Evaluating this expression gives us the total mass of the rod.
2) The x-coordinate of the center of mass of the rod, denoted as x_cm, can be calculated using the formula:
x_cm = (1/M)∫(x λ dx) from 0 to L.
To find the center of mass, we need to integrate the product of position (x) and mass per unit length (λ) with respect to x, over the length of the rod.
Using the equation for λ as given, the equation becomes:
x_cm = (1/M)∫(x λ0(1+1.410x^3) dx) from 0 to L.
Simplifying this expression, we have:
x_cm = (1/M)∫(x λ0 + 1.410x^4λ0) dx from 0 to L.
Taking out the constants, we get:
x_cm = (λ0/M)∫(x + 1.410x^4) dx from 0 to L.
Integrating term by term, we have:
x_cm = (λ0/M)[x^2/2 + 0.282x^5/5] evaluated from 0 to L.
Substituting the limits of integration, we have:
x_cm = (λ0/M)[L^2/2 + 0.282L^5/5 - 0 - 0.282(0)^5/5].
Simplifying this expression, we get:
x_cm = (λ0/M)[L^2/2 + 0.282L^5/5].
Now, we substitute the values of λ0 and M:
x_cm = (0.600/M)[L^2/2 + 0.282L^5/5].
Finally, substitute the value of M (which we calculated in part 1), and evaluate this expression to find the x-coordinate of the center of mass.
3) To calculate the moment of inertia of the rod with respect to the y-axis, denoted as I_y, we integrate the product of mass per unit length (λ) and the square of the distance from the y-axis (x^2), over the length of the rod.

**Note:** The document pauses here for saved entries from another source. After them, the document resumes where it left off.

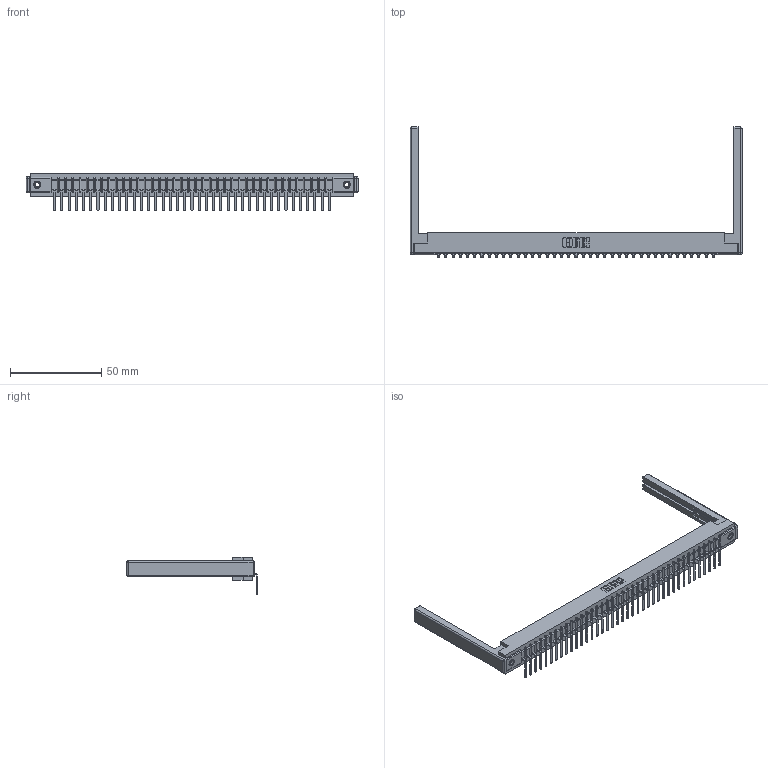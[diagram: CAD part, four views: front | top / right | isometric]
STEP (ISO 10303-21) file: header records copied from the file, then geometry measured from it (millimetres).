
FILE_DESCRIPTION (( 'STEP AP203' ), '1' );
FILE_NAME ('357-039-457-168.STEP', '2020-10-03T04:45:10', ( '' ), ( '' ), 'SwSTEP 2.0', 'SolidWorks 2020', '' );
FILE_SCHEMA (( 'CONFIG_CONTROL_DESIGN' ));
Length unit declared in the file: inch
Products named in the file (5): 307 Part_.156 Dia Mounting Holes; 307-220-068; 345-250-001_345-250-001-102; 357-039-457-168; 307-290-002_557
Assembly tree (44 placements, depth 2):
  357-039-457-168
    307 Part_.156 Dia Mounting Holes
    307-290-002_557  x39
    307-220-068  x2
    345-250-001_345-250-001-102  x2
Bounding box: 181.97 x 71.29 x 20.66 mm (x, y, z)
Volume: 23933.1 mm3; surface area: 29167.7 mm2
Topology: 44 solids, 44 shells, 3354 faces, 10229 edges, 6690 vertices
Faces by surface type: plane 1991, cylinder 1259, sphere 88, cone 12, torus 4
Entity records: 37417 total; most frequent: CARTESIAN_POINT 6277, ORIENTED_EDGE 6256, DIRECTION 6118, EDGE_CURVE 3128, VECTOR 2392, LINE 2392, VERTEX_POINT 2022, AXIS2_PLACEMENT_3D 1863

I_y = ∫(x^2 λ dx) from 0 to L.
Using the equation for λ as given, the equation becomes:
I_y = ∫(x^2 λ0 (1+1.410x^3) dx) from 0 to L.
Simplifying this equation, we have:
I_y = λ0∫(x^2 (1+1.410x^3) dx) from 0 to L.
Expanding the expression inside the integral, we get:
I_y = λ0∫(x^2 + 1.410x^5) dx from 0 to L.
Taking out the constant terms, we have:
I_y = λ0∫(x^2 dx + 1.410x^5 dx) from 0 to L.
Integrating term by term, we have:
I_y = λ0[x^3/3 + 0.282x^6/6] evaluated from 0 to L.
Substituting the limits of integration, we have:
I_y = λ0[L^3/3 + 0.282L^6/6 - 0 - 0.282(0)^6/6].
Simplifying this expression, we get:
I_y = λ0[L^3/3 + 0.282L^6/6].
Finally, substitute the value of λ0 and evaluate this expression to find the moment of inertia of the rod with respect to the y-axis.